Free at last - or the end of the world as we know it?
One subject, predictably, has dominated the news this week.
Depending on who you listen to, the implementation of the Human Rights Act was either the start of a glorious era in British justice, or the end of the world as we know it.
Not for the first time, the Daily Mail (2 October) led the global meltdown brigade, predicting that this 'misguided Act' would cause 'legal chaos' across the land and result in a 'bonanza' for lawyers, singling out Cherie Booth QC as a 'major beneficiary'.
The Independent on Sunday (1 October) agreed that the Act would be 'nice work for QCs', with an 'expected 100m in fees in the next year alone'.
However, its sister paper took a kinder view (Independent, 2 October), with the grandiose declaration in an editorial that 'today the people of the United Kingdom are free at last'.
Perhaps the most heartfelt endorsement of the Act came from Geoffrey Robertson QC in The Guardian, who urged the courts to apply the Act 'in the spirit of John Wilkes and Thomas Paine' and, more surprisingly, AA Milne.
The Guardian went to town on the Act, devoting most of its front page to it.
An editorial in The Times sat nicely on the fence, warning that the Act should be 'closely watched' for its 'disruptive potential', while the Daily Telegraph - despite predictions of 'a field day for crackpots and a gold mine for lawyers' - eventually settled there too, describing the Act as an 'engine of uncertainty'.
However, the final word on the Human Rights Act goes to Marcel Berlins, writing in The Guardian (2 October).

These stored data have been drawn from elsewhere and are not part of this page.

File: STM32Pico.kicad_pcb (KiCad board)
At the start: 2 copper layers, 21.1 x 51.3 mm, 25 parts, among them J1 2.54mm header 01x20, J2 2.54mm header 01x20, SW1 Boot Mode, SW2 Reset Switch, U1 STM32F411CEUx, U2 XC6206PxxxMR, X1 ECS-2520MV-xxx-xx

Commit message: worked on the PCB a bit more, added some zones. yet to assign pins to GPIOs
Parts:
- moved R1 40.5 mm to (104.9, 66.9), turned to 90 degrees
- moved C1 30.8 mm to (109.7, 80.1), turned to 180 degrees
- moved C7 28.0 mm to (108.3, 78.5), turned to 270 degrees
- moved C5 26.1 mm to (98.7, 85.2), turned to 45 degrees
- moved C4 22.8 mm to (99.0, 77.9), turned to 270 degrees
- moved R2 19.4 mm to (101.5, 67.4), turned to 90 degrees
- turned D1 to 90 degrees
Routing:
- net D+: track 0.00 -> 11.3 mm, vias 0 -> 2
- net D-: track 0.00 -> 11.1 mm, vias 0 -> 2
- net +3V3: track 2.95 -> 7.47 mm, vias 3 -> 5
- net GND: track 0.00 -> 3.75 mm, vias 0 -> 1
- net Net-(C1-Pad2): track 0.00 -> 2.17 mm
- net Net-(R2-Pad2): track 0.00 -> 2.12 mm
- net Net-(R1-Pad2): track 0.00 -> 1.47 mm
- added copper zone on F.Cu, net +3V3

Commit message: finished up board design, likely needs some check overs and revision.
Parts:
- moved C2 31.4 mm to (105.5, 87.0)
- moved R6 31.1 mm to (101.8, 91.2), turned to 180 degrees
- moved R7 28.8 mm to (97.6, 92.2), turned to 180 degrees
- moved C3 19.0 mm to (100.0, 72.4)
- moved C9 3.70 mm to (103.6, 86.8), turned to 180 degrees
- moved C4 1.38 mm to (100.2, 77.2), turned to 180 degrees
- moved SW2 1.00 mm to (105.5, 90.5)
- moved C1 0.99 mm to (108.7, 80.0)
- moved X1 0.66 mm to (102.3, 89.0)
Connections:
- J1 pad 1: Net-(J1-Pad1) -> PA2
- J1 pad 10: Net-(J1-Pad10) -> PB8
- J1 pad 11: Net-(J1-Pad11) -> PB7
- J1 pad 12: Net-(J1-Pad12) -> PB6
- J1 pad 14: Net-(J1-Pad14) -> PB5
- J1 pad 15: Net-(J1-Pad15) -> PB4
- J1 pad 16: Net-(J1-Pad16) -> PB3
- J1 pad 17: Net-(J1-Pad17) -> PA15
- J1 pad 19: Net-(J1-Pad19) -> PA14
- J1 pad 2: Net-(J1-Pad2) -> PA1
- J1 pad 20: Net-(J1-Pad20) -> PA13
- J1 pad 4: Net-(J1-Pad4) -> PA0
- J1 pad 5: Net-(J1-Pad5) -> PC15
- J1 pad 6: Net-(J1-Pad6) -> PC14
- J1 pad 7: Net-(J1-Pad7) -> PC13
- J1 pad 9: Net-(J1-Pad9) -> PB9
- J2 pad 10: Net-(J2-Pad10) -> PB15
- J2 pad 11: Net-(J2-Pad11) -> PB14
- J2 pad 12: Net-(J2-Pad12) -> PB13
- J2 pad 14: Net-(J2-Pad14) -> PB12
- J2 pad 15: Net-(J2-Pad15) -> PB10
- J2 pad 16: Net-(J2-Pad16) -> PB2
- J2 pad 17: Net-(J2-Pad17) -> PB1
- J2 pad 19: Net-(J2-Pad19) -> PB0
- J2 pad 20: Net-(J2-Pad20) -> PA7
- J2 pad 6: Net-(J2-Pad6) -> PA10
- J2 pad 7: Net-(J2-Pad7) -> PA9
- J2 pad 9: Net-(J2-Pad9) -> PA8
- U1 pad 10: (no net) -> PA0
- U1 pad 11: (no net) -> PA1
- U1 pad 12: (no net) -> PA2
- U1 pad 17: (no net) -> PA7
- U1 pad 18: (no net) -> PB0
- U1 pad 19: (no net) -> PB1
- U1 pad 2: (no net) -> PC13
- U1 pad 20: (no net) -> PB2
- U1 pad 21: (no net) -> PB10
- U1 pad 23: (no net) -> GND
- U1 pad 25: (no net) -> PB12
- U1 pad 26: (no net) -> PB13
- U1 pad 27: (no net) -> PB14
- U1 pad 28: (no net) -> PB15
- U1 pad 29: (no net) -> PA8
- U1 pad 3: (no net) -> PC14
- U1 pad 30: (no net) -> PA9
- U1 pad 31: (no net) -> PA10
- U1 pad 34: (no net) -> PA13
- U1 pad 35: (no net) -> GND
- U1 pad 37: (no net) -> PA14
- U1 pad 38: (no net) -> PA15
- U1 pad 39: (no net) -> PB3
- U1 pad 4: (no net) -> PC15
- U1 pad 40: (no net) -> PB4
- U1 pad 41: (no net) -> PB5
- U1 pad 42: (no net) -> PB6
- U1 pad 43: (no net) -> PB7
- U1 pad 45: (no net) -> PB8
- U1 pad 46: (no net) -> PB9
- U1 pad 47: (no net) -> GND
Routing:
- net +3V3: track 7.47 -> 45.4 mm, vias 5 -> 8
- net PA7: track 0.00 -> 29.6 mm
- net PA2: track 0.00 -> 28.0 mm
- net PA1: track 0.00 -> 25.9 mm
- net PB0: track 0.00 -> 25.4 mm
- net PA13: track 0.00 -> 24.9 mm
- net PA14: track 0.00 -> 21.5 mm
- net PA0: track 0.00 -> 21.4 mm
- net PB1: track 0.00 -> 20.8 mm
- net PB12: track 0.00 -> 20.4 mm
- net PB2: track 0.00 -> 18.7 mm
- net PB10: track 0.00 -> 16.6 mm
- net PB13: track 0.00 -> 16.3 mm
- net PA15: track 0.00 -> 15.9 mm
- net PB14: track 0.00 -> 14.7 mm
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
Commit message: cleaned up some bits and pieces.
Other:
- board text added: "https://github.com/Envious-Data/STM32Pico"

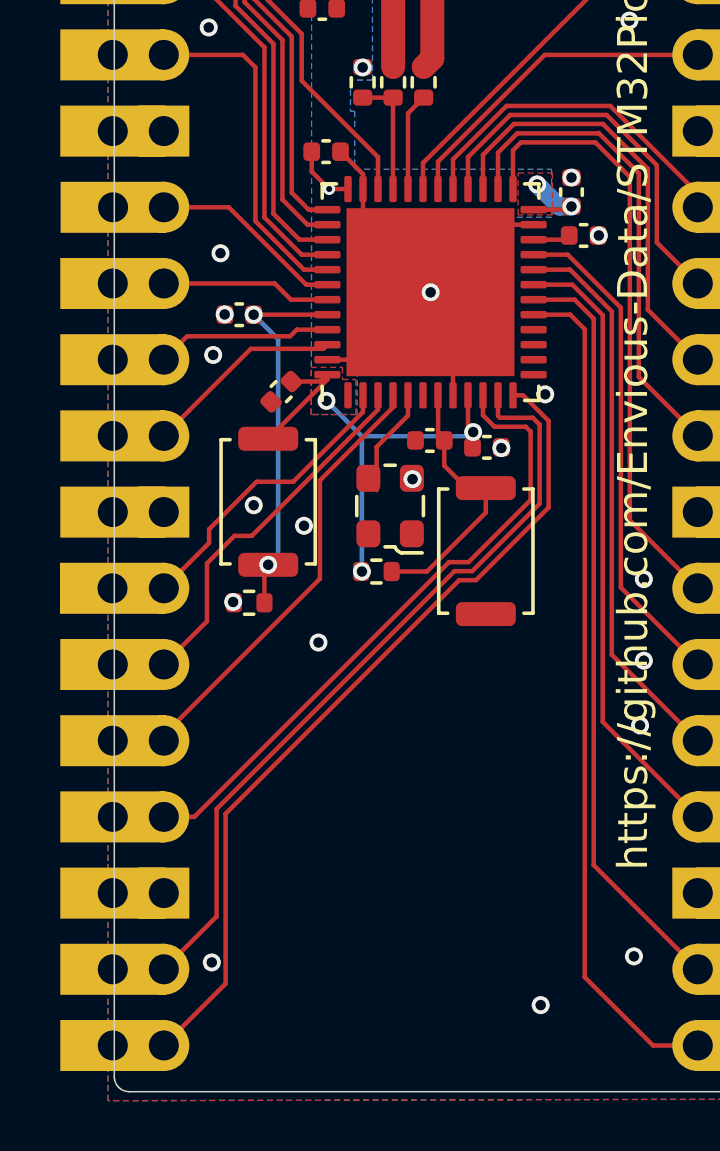
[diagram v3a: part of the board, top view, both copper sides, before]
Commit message: Generated some JLCPCB compatible Gerbers.
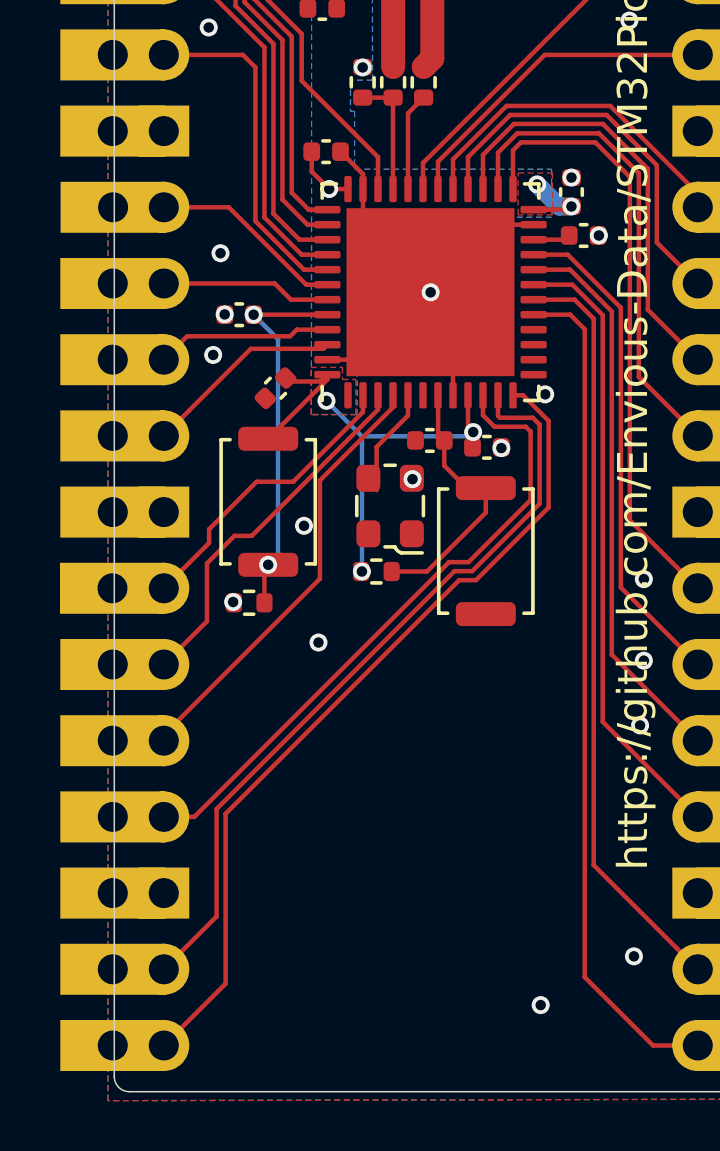
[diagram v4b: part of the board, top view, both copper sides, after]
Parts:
- moved C5 0.22 mm to (98.5, 85.1)
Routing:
- net GND: vias 28 -> 26

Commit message: properly seperated VBUS and VSYS however VSYS is now 5V output only since its not connected to the power management IC
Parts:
- D1: value Schottky 0603 -> 1N4002 0603
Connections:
- D1 pad 1: VBUS -> VSYS
- J2 pad 2: VBUS -> VSYS
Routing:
- added copper zone on F.Cu, net VSYS

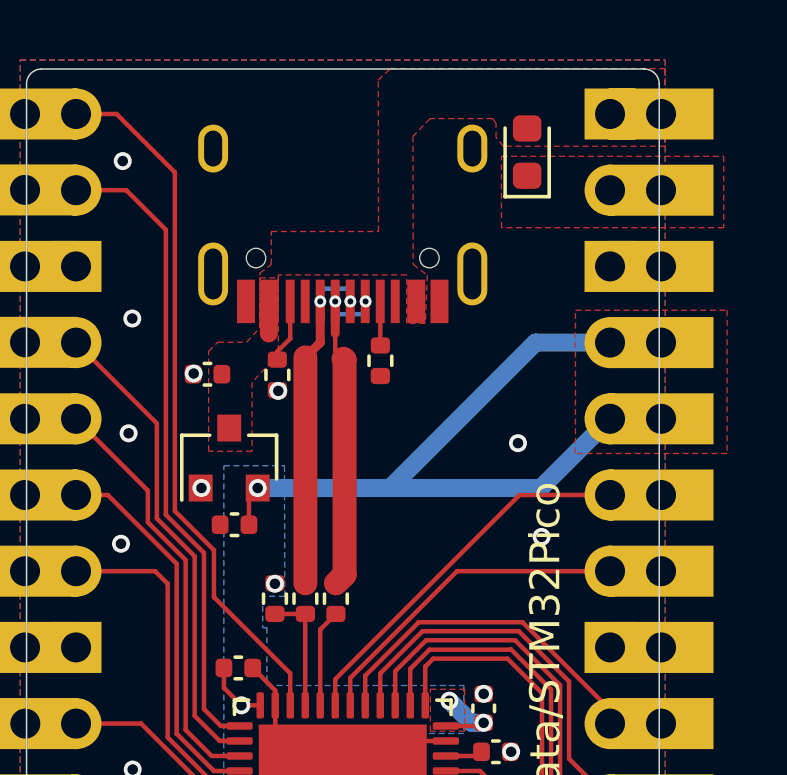
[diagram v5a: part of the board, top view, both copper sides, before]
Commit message: changed my mind - moved power ic to vsys and also adjusted USB traces to correct some phase skew.
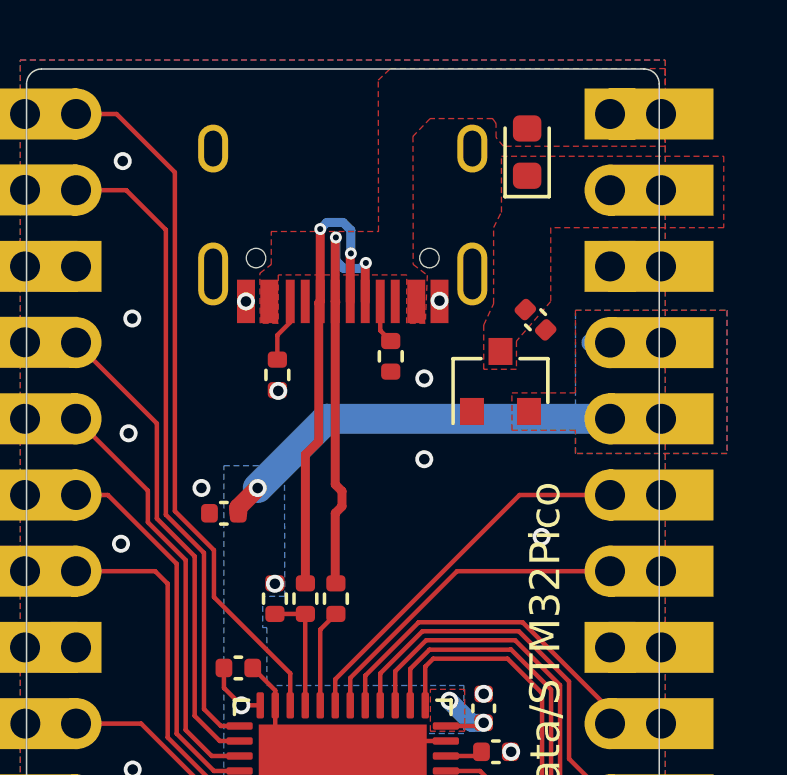
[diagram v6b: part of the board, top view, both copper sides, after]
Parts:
- moved C6 11.1 mm to (110.1, 65.6), turned to 135 degrees
- moved U2 9.40 mm to (108.9, 67.6)
- moved C3 0.52 mm to (99.7, 72.0)
- moved R1 0.38 mm to (105.2, 66.8)
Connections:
- C6 pad 2: VBUS -> VSYS
- U2 pad 3: VBUS -> VSYS
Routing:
- net +3V3: track 45.4 -> 36.5 mm
- net D+: track 11.3 -> 15.6 mm
- net D-: track 11.4 -> 15.0 mm
- net VBUS: track 1.07 -> 0.00 mm
- net GND: vias 26 -> 28
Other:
- net class Default: via_dia 0.6 -> 0.4; via_drill 0.35 -> 0.2
- net class USB_DIFF_90: via_dia 0.6 -> 0.4; via_drill 0.35 -> 0.2
- rule via_min_drill: 0.35 -> 0.2

Joyously celebrating the Act with his usual wit - the competition to be first lawyer to move a Human Rights Act point will be fierce, he warned - he felt moved to compose a poem: 'Incorporating the European Convention/Is more important that getting a pension/Because the pension promised by Brown will only be worth 90 quid/Whereas on damages under the Human Rights Act there's no lid.'
The legal personality story of last week was that of solicitor Dixit Shah, who was accused of embezzling his clients' property deposits - either 15 million (The Sun, 27 September; News of the World 'Exclusive', 1 October) or 6 million (Daily Express 25 September; Daily Mail, 27 September) - and swiftly absconding to India.
Confusingly, the London Evening Standard initially reported the amount allegedly taken as 15 million (25 September), but when it tracked Mr Shah to his 'lavish' Bombay apartment (29 September), the amount had been reduced to 6 million, the loss of which Mr Dixit was said to have described as 'entirely coincidental' with his move abroad.
Whatever the exact amount, the Office for the Supervision of Solicitors pronounced the alleged fraud in The Sun as 'the legal equivalent of the Great Train Robbery'.
The Times (27 September) reported on less profitable occupations, namely being a lawyer at the Serious Fraud Office (SFO).
It is advertising for eight solicitors and barristers with 'relevant experience', offering salaries of 29,000.
With big City law firms struggling to attract graduates with 40,000 plus offers, 'if you have ever wondered why the SFO never seems to be able to catch anyone,' The Times said, 'wonder no more'.
The Financial Times (2 October) interviewed Janet Paraskeva, the new chief executive of the 'embattled' Law Society, where she claims that reform will take 'two and a half, three years' to come to fruition.
The article described her post as 'one of the least enviable in the legal profession'.
Ms Paraskeva acknowledged that 'there may be a couple of difficult months ahead' but emphasised her belief that 'the Society has an important role in the future, as well as the past'.
Elsewhere, the Daily Mail reported that a 'home sharer' law giving property rights to unmarried couples may be introduced (26 September).
And The Guardian focused onEducation law as a growth area, reporting that 'a sharpening of everyone's sense of being consumers has changed the landscape', and resulted in 'everyone having a pop at schools and hiring lawyers to help them' (26 September).